Acusar es fácil. Probar la acusación es muy difícil. Por cierto, no cuesta nada unir ambas cosas cuando te pillan in fraganti. Pero esas ocasiones son bastante efímeras y, casi siempre, tienen que ver con delitos de pasada: robos en lugar habitado, hurtos a la carrera, una imprudencia automovilística captada en cámaras callejeras, un asalto relámpago a un servicentro registrado en las cámaras de seguridad del establecimiento. A este conjunto de posibilidades de ser pillado en el acto, haciendo más fácil la prueba del delito, se ha sumado desde hace algún tiempo el registro espontáneo de eventos inesperados, llevado a cabo por decenas de testigos casuales, que levantaron sus celulares y grabaron lo que ocurría. El Bautizazo del Mago Valdivia; el diálogo de un maltrecho Arturo Vidal y un policía probo, luego de estrellar el primero su Ferrari; las imágenes de centenares de barras bravas peleando en un estadio como si estuvieran en el patio de una cárcel, por nombrar tres de corte futbolístico, tuvieron en un video en vivo o a tiempo las pruebas necesarias para desmentir las adulteradas primeras versiones de sus protagonistas.

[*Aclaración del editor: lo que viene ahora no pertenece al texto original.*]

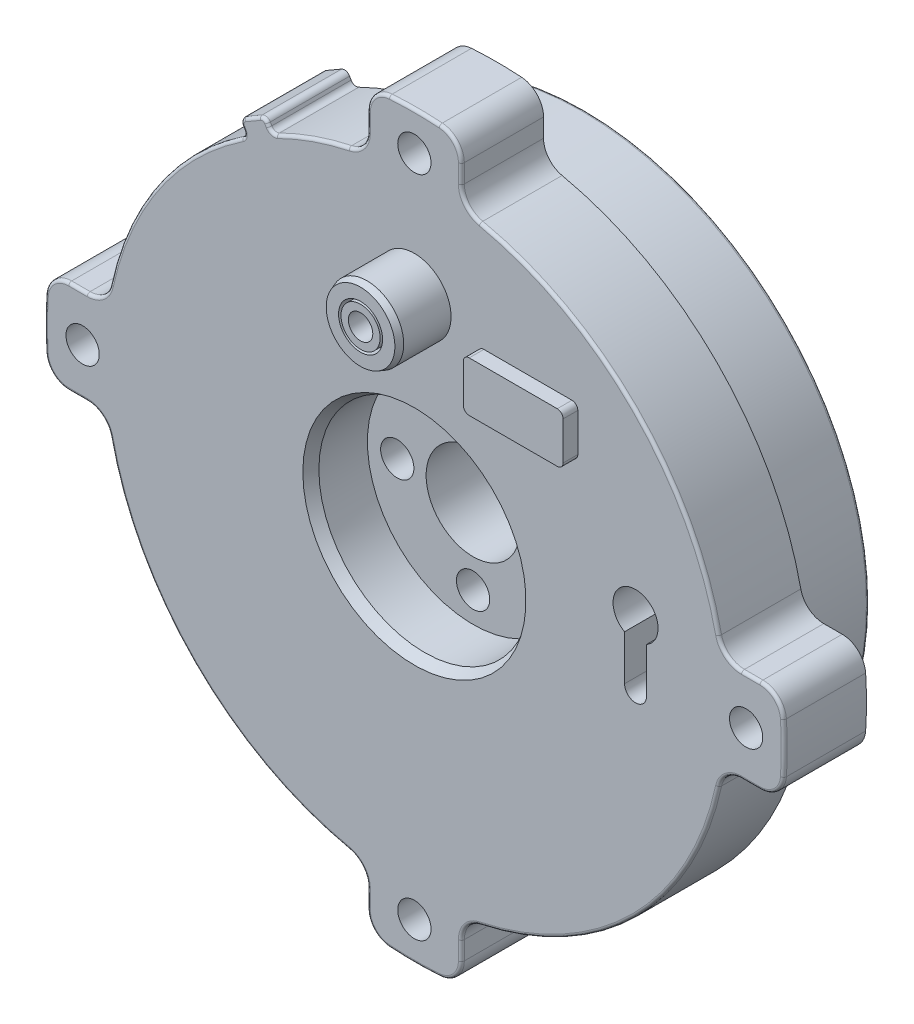
SolidWorks part; units mm, degrees
note: The reader was unsure of these and kept them because the rebuilt part matched: shared geometry of "草图4<7>", "草图4<3>".
other "l7r主轴" parameters "D2"=11, "D1"=38, "D3"=10, "D4"=11, "D5"=20, "D6"=5.8774, "D7"=5.7465, "D8"=5, "D9"=7, "D10"=8, "D11"=4, "D12"=22.25, "D13"=24.25, "D14"=5, "D15"=8.3333, "D16"=22.4267, "D17"=8, "D18"=7, "D19"=22, "4"=25.4, "通孔孔直径"=2.8333, "通孔孔深度"=11.5833, "柱形沉头孔直径"=5, "柱形沉头孔深度"=2.5
ref_plane "前视基准面" through (0, 0, 0) normal (0, 0, 1) x (1, 0, 0)
ref_plane "上视基准面" through (0, 0, 0) normal (0, 1, 0) x (1, 0, 0)
ref_plane "右视基准面" through (0, 0, 0) normal (1, 0, 0) x (0, 0, -1)
ref_plane "基准面1" through (-15, 0, 0) normal (-1, 0, 0) x (0, 0, 1)
sketch "草图29" plane through (0, 0, 0) normal (1, 0, 0) x (0, 0, -1)
  line L0 (5, 24.25) -> (5, 22.25)
  line L1 (17.875, 0) -> (-17.875, 0) construction
  line L2 (5, 22.25) -> (13, 22.25)
  line L3 (13, 22.25) -> (13, 4)
  line L6 (13, 4) -> (27, 4)
  line L7 (13, 22.25) -> (18, 22.25)
  line L8 (18, 8.3333) -> (13, 8.3333)
  line L17 (0, 0) -> (50, 0) construction
  line L18 (27, 4) -> (27, 8.3333)
  line L19 (27, 8.3333) -> (18, 8.3333)
  line L20 (18, 8.3333) -> (18, 24.25)
  line L21 (18, 24.25) -> (5, 24.25)
  dimension "D1" = 13
  dimension "D2" = 22
  dimension "D3" = 50
  dimension "D4" = 4
  dimension "D6" = 22.25
  dimension "D7" = 24.25
  dimension "D8" = 8
  dimension "D5" = 8.3333
  dimension "D9" = 5
sketch "草图6" plane through (-15, 0, 0) normal (1, 0, 0) x (0, 0, -1)
  line L0 (0, 0) -> (15.2887, 0)
  line L1 (15.2887, 0) -> (15, 0.5)
  line L2 (15, 0.5) -> (0, 0.5)
  line L3 (0, 0.5) -> (0, 0)
  line L4 (0, 34.65) -> (0, -34.65) construction
  dimension "D1" = 15
  dimension "D2" = 60
  dimension "D3" = 0.5
sketch "草图2" plane through (0, 0, 0) normal (1, 0, 0) x (0, 0, -1)
  line L0 (0, 26.5) -> (0, 4)
  line L6 (7, 24.25) -> (7, 26.5)
  line L7 (7, 26.5) -> (0, 26.5)
  line L10 (10, 10.4167) -> (23, 10.4167)
  line L11 (5, 15.4167) -> (5, 22.25)
  line L23 (7, 24.25) -> (14.5, 24.25)
  line L24 (14.5, 24.25) -> (14.5, 22.25)
  line L25 (14.5, 22.25) -> (5, 22.25)
  line L27 (-40.8092, 0) -> (40.8092, 0) construction
  line L28 (5, 15.4167) -> (10, 15.4167)
  line L29 (10, 15.4167) -> (10, 10.4167)
  line L34 (0, 4) -> (23, 4)
  line L35 (23, 10.4167) -> (23, 4)
  dimension "D3" = 7
  dimension "D5" = 5
  dimension "D16" = 14.5
  dimension "D4" = 24.25
  dimension "D17" = 22.25
  dimension "D18" = 26.5
  dimension "D2" = 23
  dimension "D6" = 4
  dimension "D19" = 10.4167
  dimension "D8" = 10
revolve "旋转1" add sketch "草图2" angle 360 about L27
sketch "草图7" plane through (0, 0, 0) normal (0, 0, 1) x (1, 0, 0)
  circle A0 centre (0, 0) radius 9
  dimension "D1" = 18
extrude "切除-拉伸1" cut sketch "草图7" against normal blind 5
sketch "草图11" plane through (0, 0, 0) normal (0, 0, 1) x (1, 0, 0)
  line L0 (18.8333, 3.5884) -> (18.8333, 1.9167) construction
  line L1 (17.8958, 1.9167) -> (19.7708, 1.9167) construction
  line L2 (19.7708, 1.9167) -> (19.7708, -1.9167)
  line L3 (17.8958, 1.9167) -> (17.8958, -1.9167)
  line L4 (19.7708, -1.9167) -> (17.8958, -1.9167) construction
  line L5 (15.4167, 0) -> (22.25, 0) construction
  line L6 (18.8333, 1.9167) -> (18.8333, -1.9167) construction
  arc A0 (19.7708, 1.9167) -> (17.8958, 1.9167) centre (18.8333, 3.5884) ccw
  arc A1 (17.8958, -1.9167) -> (19.7708, -1.9167) centre (18.8333, -1.9167) ccw
  circle A2 centre (0, 0) radius 15.4167 construction
  circle A3 centre (0, 0) radius 15.4167 construction
  circle A4 centre (0, 0) radius 22.25 construction
  circle A5 centre (0, 0) radius 22.25 construction
  point P8 (18.8333, 1.9167)
  point P14 (18.8333, 0)
  dimension "D1" = 3.8333
  dimension "D4" = 1.875
  dimension "D5" = 1.875
  dimension "D6" = 3.8333
extrude "切除-拉伸4" cut sketch "草图11" against normal up to next
sketch "草图4" plane through (0, 0, 0) normal (0, 0, 1) x (1, 0, 0)
  line L0 (0, 26.5) -> (0, 9) construction
  circle A0 centre (0, 17.75) radius 3.125
  circle A1 centre (0, 17.75) radius 1.6667
  circle A2 centre (0, 17.75) radius 1.0417
  circle A3 centre (0, 17.75) radius 1.875
  circle A4 centre (0, 0) radius 9 construction
  circle A5 centre (0, 0) radius 26.5
  circle A6 centre (0, 0) radius 26.5 construction
  circle A7 centre (0, 0) radius 9 construction
  dimension "D1" = 6.25
  dimension "D3" = 3.75
  dimension "D4" = 3.3333
  dimension "D5" = 2.0833
extrude "凸台-拉伸2" add sketch "草图4" along normal blind 4.5833 contours A0 A3 | A1 A2 | L0 A0 A3 | L0 A1 A2
extrude "凸台-拉伸6" add sketch "草图4<7>" against normal blind 4.5833 from surface at -5 contours A1 A2 starting at face at (18.8333, 0.6627, -5)
sketch "草图4<7>" plane through (0, 0, 0) normal (0, 0, 1) x (1, 0, 0) same geometry as "草图4"
extrude "切除-拉伸3" cut sketch "草图4<3>" against normal blind 10 contours A2
sketch "草图4<3>" plane through (0, 0, 0) normal (0, 0, 1) x (1, 0, 0) same geometry as "草图4"
sketch "草图9" plane through (0, 0, 0) normal (0, 0, 1) x (1, 0, 0)
  line L0 (0, 31.5) -> (0, 0) construction
  line L1 (-4, 31.245) -> (4, 31.245) construction
  line L2 (4, 29.4321) -> (4, 26.1964)
  line L3 (4, 26.1964) -> (0, 0) construction
  line L4 (-4, 29.4321) -> (-4, 26.1964)
  line L5 (29.4321, -4) -> (26.1964, -4)
  line L6 (29.4321, 4) -> (26.1964, 4)
  line L7 (-4, -29.4321) -> (-4, -26.1964)
  line L8 (4, -29.4321) -> (4, -26.1964)
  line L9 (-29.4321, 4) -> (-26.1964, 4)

Levantar un celular y grabar un suceso en un escenario público es hoy algo frecuente y extendido a toda la población. Y esto sólo tiende a aumentar. Es cosa de preguntarle a los editores de noticiarios de televisión, qué porcentaje de las noticias duras que emiten a diario proviene hoy de “reporteros ciudadanos”, “cazanoticias” y toda una nueva nomenclatura, para identificar al testigo espontáneo con capacidad para registrar y difundir lo que vio.
Todos los sucesos descritos anteriormente y muchos más del mismo tenor tienen una característica fundamental, que en periodismo se llama “oportunidad de imagen”. Son cosas que se pueden registrar porque pasan mayoritariamente en el ámbito del espacio público. Si pasan en un recinto privado y éste tiene cámaras activas, ellas generan la oportunidad de imagen que se necesita para captar la situación. Desde un punto de vista de la transparencia de los actos en sociedad, no cabe duda que hoy tenemos la posibilidad de ver y saber más cosas sobre hechos súbitos de alto impacto.
En todos los eventos descritos hasta ahora abundan las personas comunes y corrientes: desde el delincuente que asalta, el automovilista que embiste, incluso el famoso captado en falta transita por donde muchos lo pueden hacer, ver y registrar. Pero este es un país desigual incluso para cometer delitos: los delincuentes comunes pobres deben llevar adelante sus crímenes saliendo al despoblado, abandonando la capacha protectora donde se planea el robo, debiendo materializarlo personalmente donde abundan cámaras en las calles, las casas y las empresas. El delincuente común adinerado funciona a distancia. No entra por la ventana de sus víctimas y los asalta. No, usa el sistema en su favor, haciendo pasar un precio coludido como parte de la normal transacción de bienes y servicios, según las leyes del mercado. En este caso la víctima no se da cuenta que ha sido asaltado. La práctica de pasar por caja es una de las más establecidas de la economía moderna. Con el carrito lleno o con pocas cosas, uno hace una cola en un supermercado o multitienda, llega a un cajero, quien le escanea digitalmente el precio del producto y le informa del total a pagar. Cuando entre esos productos hay algunos que tienen precios convenidos para callado y contra la ley, nadie que está comprando lo sabe. El cajero –que no tiene nada que ver en la colusión- no anda enmascarado ni apunta un revolver a la cabeza del cliente, exigiendo un pago. Lo que registran las cámaras del establecimiento es la típica escena cotidiana de un día de compras en el supermercado, tal cual como se ve en cualquier país del mundo con el mismo sistema. A uno le suman el total y uno paga. Fin del drama.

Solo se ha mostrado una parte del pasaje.